6 thoughts on “My “To Be Continued” Kink

  1. OMG, you flatter me. But yes, I took a very toppish view of my masochistic readers. You have to love suffering to love a serial, but fortunately for me, so many of my readers do love that exquisite torture. And those who hate the waiting, well, I’m dominant enough that it only spurs me on! (As the comments on The Prince’s Boy reveal — the worse the cliffhanger, the more comments of people screaming in anguish! Comments are food for a serial-writer’s soul and the best kind of positive feedback. So of course that meant I tried to make the next cliffhanger EVEN WORSE. Insert villainous laugh here. Muahaha.)

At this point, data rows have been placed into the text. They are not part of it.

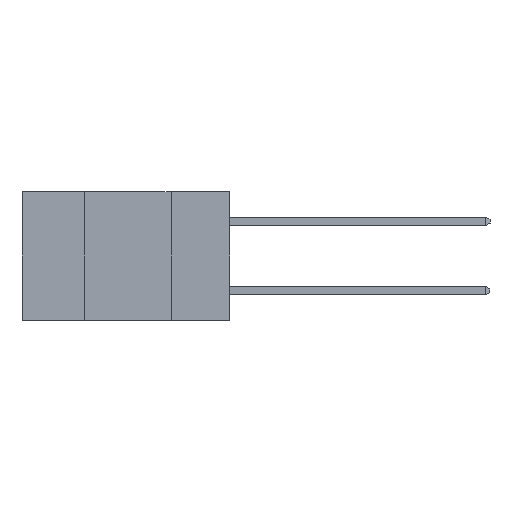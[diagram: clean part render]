
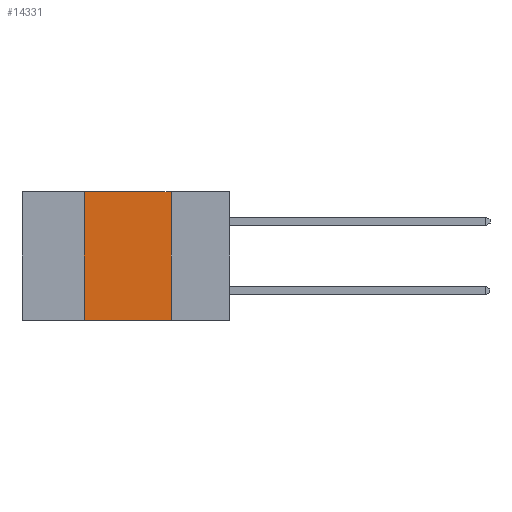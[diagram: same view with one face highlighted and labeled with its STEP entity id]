
A CAD part, left-side view. The second image highlights one B-rep face of the part: STEP entity #14331.
In plain terms, the highlighted planar face has unit normal (-1, 0, 0).
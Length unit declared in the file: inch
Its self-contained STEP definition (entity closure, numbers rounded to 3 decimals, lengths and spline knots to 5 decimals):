
#728 = EDGE_CURVE ( 'NONE', #1315, #4686, #4588, .T. ) ;
#771 = DIRECTION ( 'NONE',  ( 0., 0., -1. ) ) ;
#924 = FACE_OUTER_BOUND ( 'NONE', #6171, .T. ) ;
#1315 = VERTEX_POINT ( 'NONE', #14836 ) ;
#1761 = VECTOR ( 'NONE', #13442, 39.37008 ) ;
#1855 = DIRECTION ( 'NONE',  ( 0., -1., 0. ) ) ;
#1910 = DIRECTION ( 'NONE',  ( 1., 0., 0. ) ) ;
#3319 = VECTOR ( 'NONE', #1855, 39.37008 ) ;
#4316 = VERTEX_POINT ( 'NONE', #6316 ) ;
#4588 = LINE ( 'NONE', #7460, #1761 ) ;
#4686 = VERTEX_POINT ( 'NONE', #8244 ) ;
#5474 = EDGE_CURVE ( 'NONE', #7931, #4316, #10115, .T. ) ;
#5873 = CARTESIAN_POINT ( 'NONE',  ( 0., 0.17, 0. ) ) ;
#6171 = EDGE_LOOP ( 'NONE', ( #10033, #6853, #10413, #14021 ) ) ;
#6316 = CARTESIAN_POINT ( 'NONE',  ( 0., 0.17, 0. ) ) ;
#6805 = CARTESIAN_POINT ( 'NONE',  ( 0., 0.6, 0. ) ) ;
#6853 = ORIENTED_EDGE ( 'NONE', *, *, #5474, .F. ) ;
#7144 = VECTOR ( 'NONE', #13222, 39.37008 ) ;
#7460 = CARTESIAN_POINT ( 'NONE',  ( 0., 0.6, -0.37 ) ) ;
#7669 = CARTESIAN_POINT ( 'NONE',  ( 0., 0.42, 0. ) ) ;
#7719 = LINE ( 'NONE', #5873, #10508 ) ;
#7931 = VERTEX_POINT ( 'NONE', #7669 ) ;
#8012 = PLANE ( 'NONE',  #10950 ) ;
#8244 = CARTESIAN_POINT ( 'NONE',  ( 0., 0.17, -0.37 ) ) ;
#8622 = EDGE_CURVE ( 'NONE', #1315, #7931, #10315, .T. ) ;
#8914 = CARTESIAN_POINT ( 'NONE',  ( 0., 0.6, 0. ) ) ;
#10033 = ORIENTED_EDGE ( 'NONE', *, *, #15078, .F. ) ;
#10115 = LINE ( 'NONE', #8914, #3319 ) ;
#10315 = LINE ( 'NONE', #13266, #7144 ) ;
#10413 = ORIENTED_EDGE ( 'NONE', *, *, #8622, .F. ) ;
#10508 = VECTOR ( 'NONE', #11816, 39.37008 ) ;
#10950 = AXIS2_PLACEMENT_3D ( 'NONE', #6805, #1910, #771 ) ;
#11816 = DIRECTION ( 'NONE',  ( 0., 0., -1. ) ) ;
#13222 = DIRECTION ( 'NONE',  ( 0., 0., 1. ) ) ;
#13266 = CARTESIAN_POINT ( 'NONE',  ( 0., 0.42, 0. ) ) ;
#13442 = DIRECTION ( 'NONE',  ( 0., -1., 0. ) ) ;
#14021 = ORIENTED_EDGE ( 'NONE', *, *, #728, .T. ) ;
#14331 = ADVANCED_FACE ( 'NONE', ( #924 ), #8012, .F. ) ;
#14836 = CARTESIAN_POINT ( 'NONE',  ( 0., 0.42, -0.37 ) ) ;
#15078 = EDGE_CURVE ( 'NONE', #4316, #4686, #7719, .T. ) ;

    Thank you for this. Serials really ought to make a comeback now that the web makes them publishable again. Have you looked at The Intimate History of the Greater Kingdom? By MeiLin Miranda. I started it and have it bookmarked to continue! Another one I’m partway through is Tales of Magisterium University by Alexandra Erin. Both are fantasy (the former high fantasy, the latter kind of modern alternate universe) and both are queer.

    • Glad to know I wasn’t the only pain slut reading Jorin and Kenet’s story!! Your execution of TPB was gloriously toppy! ::grins:: You were cruel (to your poor marvelous characters and to us sluttish, slavish readers) but so modulated that you could probably map the intensity of the cliffhangers on some kind of master’s histogram or something. Plus, like a really skilled Top you were super-predictable where it counted — always a new episode at the same time every Wednesday. By the time you posted the Epilogue it felt like loving aftercare. I know readers will adore TPB when they read the whole thing now that it’s released, but I’ll pity them just the teensiest bit for not having read it week by week. I do hope you’re considering another serial!

      Thanks so much for your recs! The trailer for the Miranda book has me hooked already! And Erin’s description of her project is wonderful too. I will definitely check those out (and HB Kurtzwilde’s Chocolatiers of the High Winds at Circlet on Mondays!).

  2. I have a total love/hate with serials. I love the arcs, and the length, and it’s like the good old days of serialized TV shows — Dr. Who when I was a kid used to have some cracking cliff-hangers. BUT I am far too much of a control freak, so if I can, I tend to wait until a series is done and then GORGE on the whole thing. A control freak with no self-control!

    I shall have to gallop off and get Cecilia’s book!
    Super post, Lee.

    • Oh, yeah, you definitely need The Prince’s Boy. It’s huge and delicious and finished, so you can gorge. ;) If I know a story’s done and will post on a schedule, I can handle ceding control to the author — but I’m a pretty abject subby reader. :) There is delicious frustration in a really well-executed cliffhanger — what I can’t stand is when serials or series just…end. Argh! It’s like landing hard without ever feeling the thrill of falling!

  3. Sharing this comment from author ID Locke from where this blog mirrors my LiveJournal (someday I’ll figure out how to mirror comments too!). This definitely sounds like an imaginative serial!

    Balancing Karma:
    There are 55 chapters and an epilogue as well as some one-shots. What is posted is what I consider raw and is straight from my brain to the page (so to speak).

    Be advised that Karma is an mpreg. I realize that is not something most people will give a shot, but I swear there is a perfectly reasonable explanation for how it happens. It’s also more a story of 2 people falling in love with each other than focused exclusively on the pregnancy part.

    And I haven’t made up the Master List page yet for Enchanted Shadows, but here is the first chapter I posted this morning:
    http://id-locke.livejournal.com/2011/08/12/

    ES is a spin-off of Karma, but you don’t have to have read Karma to understand ES. They are completely stand alone.

    I’m also a guest author at Yaoifix.com where my novel Dreaming Of the Void is being posted monthly. There is a tie-in between all 3 above stories as Tyhlian, one of the mains of Dreaming is the half-brother of Moswen, one of the mains of Karma and Jaiseki’s (one of the mains in ES) uncle.”